Try it:
Write out the records that appear below, verbatim and complete, but without pictures.

== Segment start ==

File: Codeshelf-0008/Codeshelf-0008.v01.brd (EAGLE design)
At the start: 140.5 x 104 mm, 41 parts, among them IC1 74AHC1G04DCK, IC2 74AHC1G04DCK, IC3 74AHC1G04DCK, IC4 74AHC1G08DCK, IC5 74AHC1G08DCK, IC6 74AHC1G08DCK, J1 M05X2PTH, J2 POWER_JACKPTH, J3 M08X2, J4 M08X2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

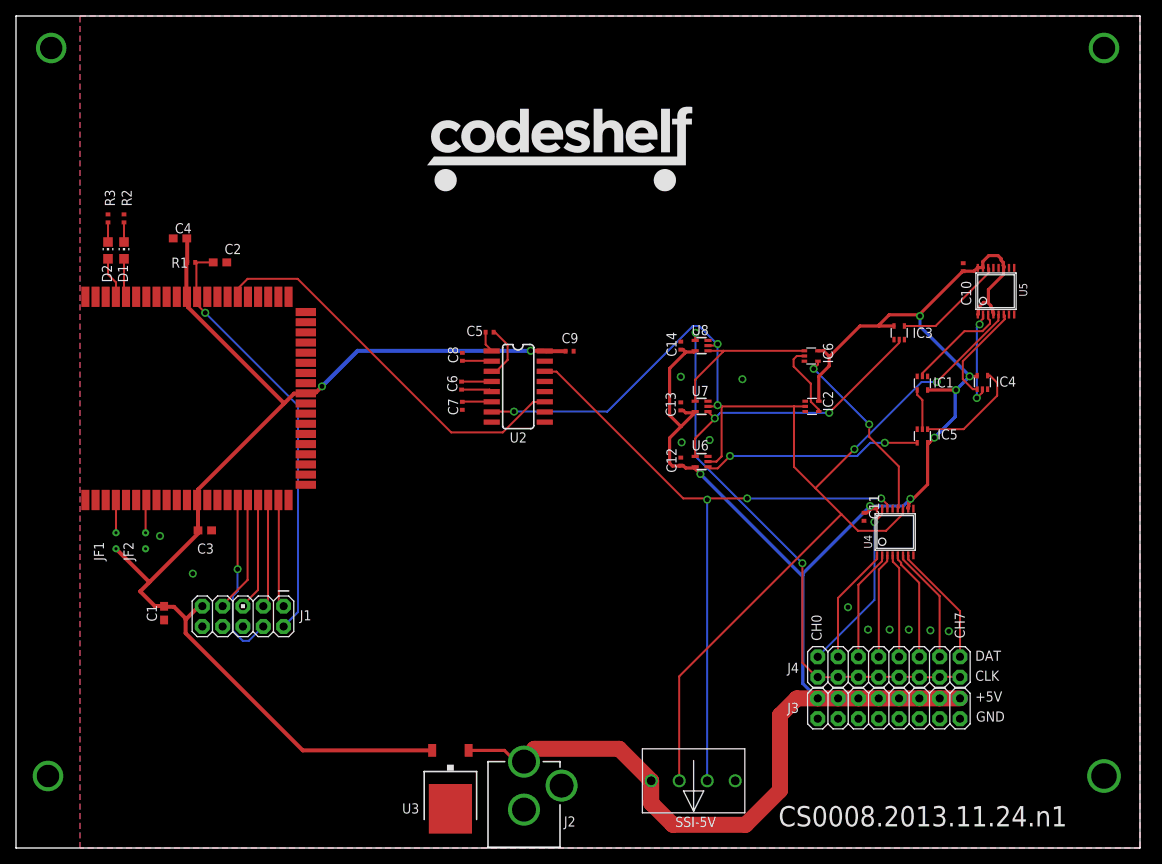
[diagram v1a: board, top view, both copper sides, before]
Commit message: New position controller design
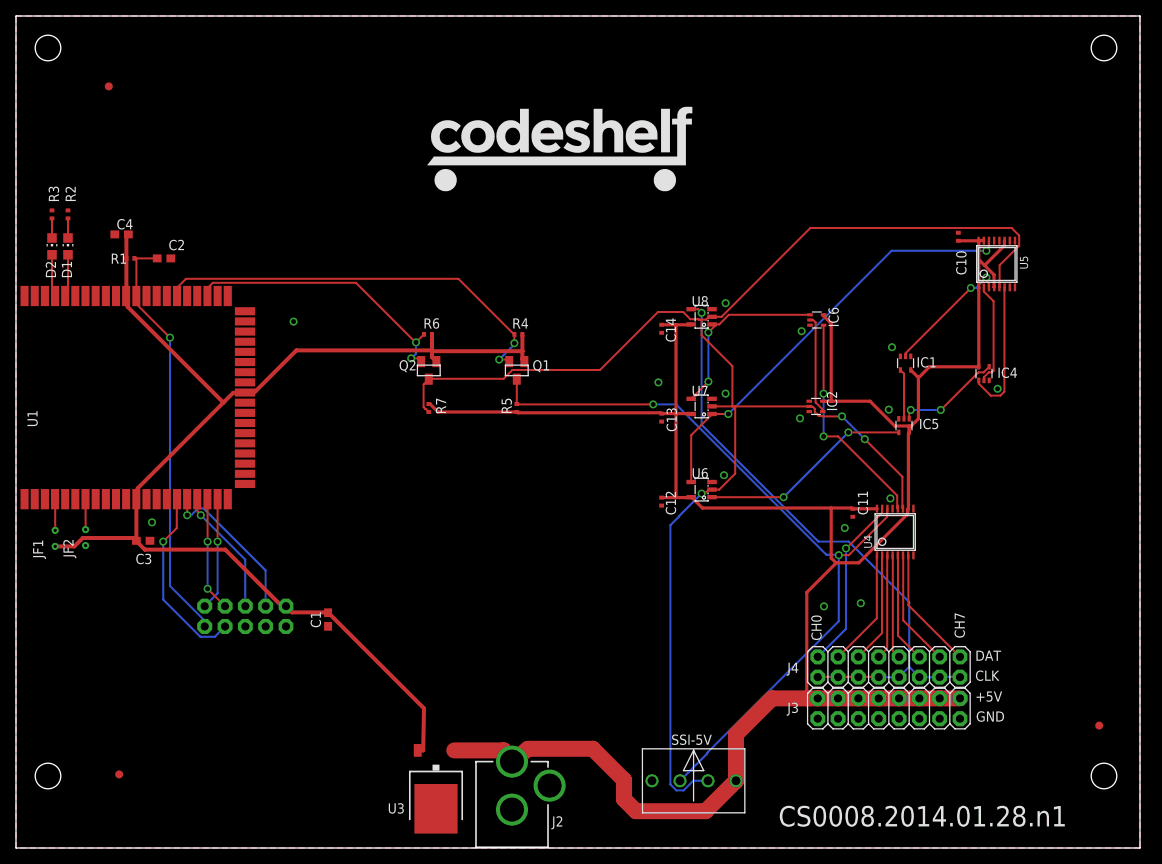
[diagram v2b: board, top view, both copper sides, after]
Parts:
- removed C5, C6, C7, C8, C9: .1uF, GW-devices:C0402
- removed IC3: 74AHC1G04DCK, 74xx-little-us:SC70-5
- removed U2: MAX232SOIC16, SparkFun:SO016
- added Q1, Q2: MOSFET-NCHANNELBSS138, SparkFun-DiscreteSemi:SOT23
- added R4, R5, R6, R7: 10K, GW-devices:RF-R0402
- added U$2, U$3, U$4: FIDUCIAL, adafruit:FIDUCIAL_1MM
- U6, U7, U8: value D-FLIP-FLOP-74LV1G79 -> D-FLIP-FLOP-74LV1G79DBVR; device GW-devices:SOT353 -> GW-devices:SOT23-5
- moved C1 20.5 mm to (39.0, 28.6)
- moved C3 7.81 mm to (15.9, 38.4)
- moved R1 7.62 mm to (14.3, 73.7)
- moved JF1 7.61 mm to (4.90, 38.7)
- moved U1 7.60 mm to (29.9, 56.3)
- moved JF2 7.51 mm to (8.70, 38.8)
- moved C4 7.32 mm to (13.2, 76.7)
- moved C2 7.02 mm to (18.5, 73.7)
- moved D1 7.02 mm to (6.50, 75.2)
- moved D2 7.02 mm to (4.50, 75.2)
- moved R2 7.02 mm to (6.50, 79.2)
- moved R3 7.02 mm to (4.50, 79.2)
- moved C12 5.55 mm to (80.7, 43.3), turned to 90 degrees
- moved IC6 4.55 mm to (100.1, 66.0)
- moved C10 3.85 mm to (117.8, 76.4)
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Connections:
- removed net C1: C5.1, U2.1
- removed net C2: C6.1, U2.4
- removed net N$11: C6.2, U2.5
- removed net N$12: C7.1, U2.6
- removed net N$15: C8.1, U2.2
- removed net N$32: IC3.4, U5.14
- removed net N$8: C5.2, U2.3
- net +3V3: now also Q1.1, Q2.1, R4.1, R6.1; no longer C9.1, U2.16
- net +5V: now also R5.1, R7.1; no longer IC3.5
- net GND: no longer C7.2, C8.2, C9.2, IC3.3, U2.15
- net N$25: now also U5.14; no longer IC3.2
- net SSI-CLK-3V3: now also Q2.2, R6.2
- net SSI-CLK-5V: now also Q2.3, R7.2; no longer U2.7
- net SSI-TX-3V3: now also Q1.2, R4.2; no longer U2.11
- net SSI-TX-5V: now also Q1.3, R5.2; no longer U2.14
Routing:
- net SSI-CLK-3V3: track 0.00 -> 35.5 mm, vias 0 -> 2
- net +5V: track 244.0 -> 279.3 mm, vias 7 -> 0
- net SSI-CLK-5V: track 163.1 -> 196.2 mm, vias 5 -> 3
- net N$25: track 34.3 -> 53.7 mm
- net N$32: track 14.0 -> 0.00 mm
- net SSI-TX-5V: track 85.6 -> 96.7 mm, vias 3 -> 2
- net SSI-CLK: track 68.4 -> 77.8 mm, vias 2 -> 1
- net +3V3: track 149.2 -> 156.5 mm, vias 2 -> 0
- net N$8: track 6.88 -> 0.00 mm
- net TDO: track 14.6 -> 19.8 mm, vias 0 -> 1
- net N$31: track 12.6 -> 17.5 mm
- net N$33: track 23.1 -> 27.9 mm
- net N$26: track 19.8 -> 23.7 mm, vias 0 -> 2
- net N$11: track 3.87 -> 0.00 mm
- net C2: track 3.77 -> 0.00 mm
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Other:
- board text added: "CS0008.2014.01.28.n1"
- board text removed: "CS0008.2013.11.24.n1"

== Segment end ==

Exercise response:
File: Codeshelf-0008/Codeshelf-0008.v01.brd (EAGLE design)
At the start: 140.5 x 104 mm, 41 parts, among them IC1 74AHC1G04DCK, IC2 74AHC1G04DCK, IC3 74AHC1G04DCK, IC4 74AHC1G08DCK, IC5 74AHC1G08DCK, IC6 74AHC1G08DCK, J1 M05X2PTH, J2 POWER_JACKPTH, J3 M08X2, J4 M08X2

[diagram v1a: board, top view, both copper sides, before]
Commit message: New position controller design
[diagram v2b: board, top view, both copper sides, after]
Parts:
- removed C5, C6, C7, C8, C9: .1uF, GW-devices:C0402
- removed IC3: 74AHC1G04DCK, 74xx-little-us:SC70-5
- removed U2: MAX232SOIC16, SparkFun:SO016
- added Q1, Q2: MOSFET-NCHANNELBSS138, SparkFun-DiscreteSemi:SOT23
- added R4, R5, R6, R7: 10K, GW-devices:RF-R0402
- added U$2, U$3, U$4: FIDUCIAL, adafruit:FIDUCIAL_1MM
- U6, U7, U8: value D-FLIP-FLOP-74LV1G79 -> D-FLIP-FLOP-74LV1G79DBVR; device GW-devices:SOT353 -> GW-devices:SOT23-5
- moved C1 20.5 mm to (39.0, 28.6)
- moved C3 7.81 mm to (15.9, 38.4)
- moved R1 7.62 mm to (14.3, 73.7)
- moved JF1 7.61 mm to (4.90, 38.7)
- moved U1 7.60 mm to (29.9, 56.3)
- moved JF2 7.51 mm to (8.70, 38.8)
- moved C4 7.32 mm to (13.2, 76.7)
- moved C2 7.02 mm to (18.5, 73.7)
- moved D1 7.02 mm to (6.50, 75.2)
- moved D2 7.02 mm to (4.50, 75.2)
- moved R2 7.02 mm to (6.50, 79.2)
- moved R3 7.02 mm to (4.50, 79.2)
- moved C12 5.55 mm to (80.7, 43.3), turned to 90 degrees
- moved IC6 4.55 mm to (100.1, 66.0)
- moved C10 3.85 mm to (117.8, 76.4)
Connections:
- removed net C1: C5.1, U2.1
- removed net C2: C6.1, U2.4
- removed net N$11: C6.2, U2.5
- removed net N$12: C7.1, U2.6
- removed net N$15: C8.1, U2.2
- removed net N$32: IC3.4, U5.14
- removed net N$8: C5.2, U2.3
- net +3V3: now also Q1.1, Q2.1, R4.1, R6.1; no longer C9.1, U2.16
- net +5V: now also R5.1, R7.1; no longer IC3.5
- net GND: no longer C7.2, C8.2, C9.2, IC3.3, U2.15
- net N$25: now also U5.14; no longer IC3.2
- net SSI-CLK-3V3: now also Q2.2, R6.2
- net SSI-CLK-5V: now also Q2.3, R7.2; no longer U2.7
- net SSI-TX-3V3: now also Q1.2, R4.2; no longer U2.11
- net SSI-TX-5V: now also Q1.3, R5.2; no longer U2.14
Routing:
- net SSI-CLK-3V3: track 0.00 -> 35.5 mm, vias 0 -> 2
- net +5V: track 244.0 -> 279.3 mm, vias 7 -> 0
- net SSI-CLK-5V: track 163.1 -> 196.2 mm, vias 5 -> 3
- net N$25: track 34.3 -> 53.7 mm
- net N$32: track 14.0 -> 0.00 mm
- net SSI-TX-5V: track 85.6 -> 96.7 mm, vias 3 -> 2
- net SSI-CLK: track 68.4 -> 77.8 mm, vias 2 -> 1
- net +3V3: track 149.2 -> 156.5 mm, vias 2 -> 0
- net N$8: track 6.88 -> 0.00 mm
- net TDO: track 14.6 -> 19.8 mm, vias 0 -> 1
- net N$31: track 12.6 -> 17.5 mm
- net N$33: track 23.1 -> 27.9 mm
- net N$26: track 19.8 -> 23.7 mm, vias 0 -> 2
- net N$11: track 3.87 -> 0.00 mm
- net C2: track 3.77 -> 0.00 mm
Other:
- board text added: "CS0008.2014.01.28.n1"
- board text removed: "CS0008.2013.11.24.n1"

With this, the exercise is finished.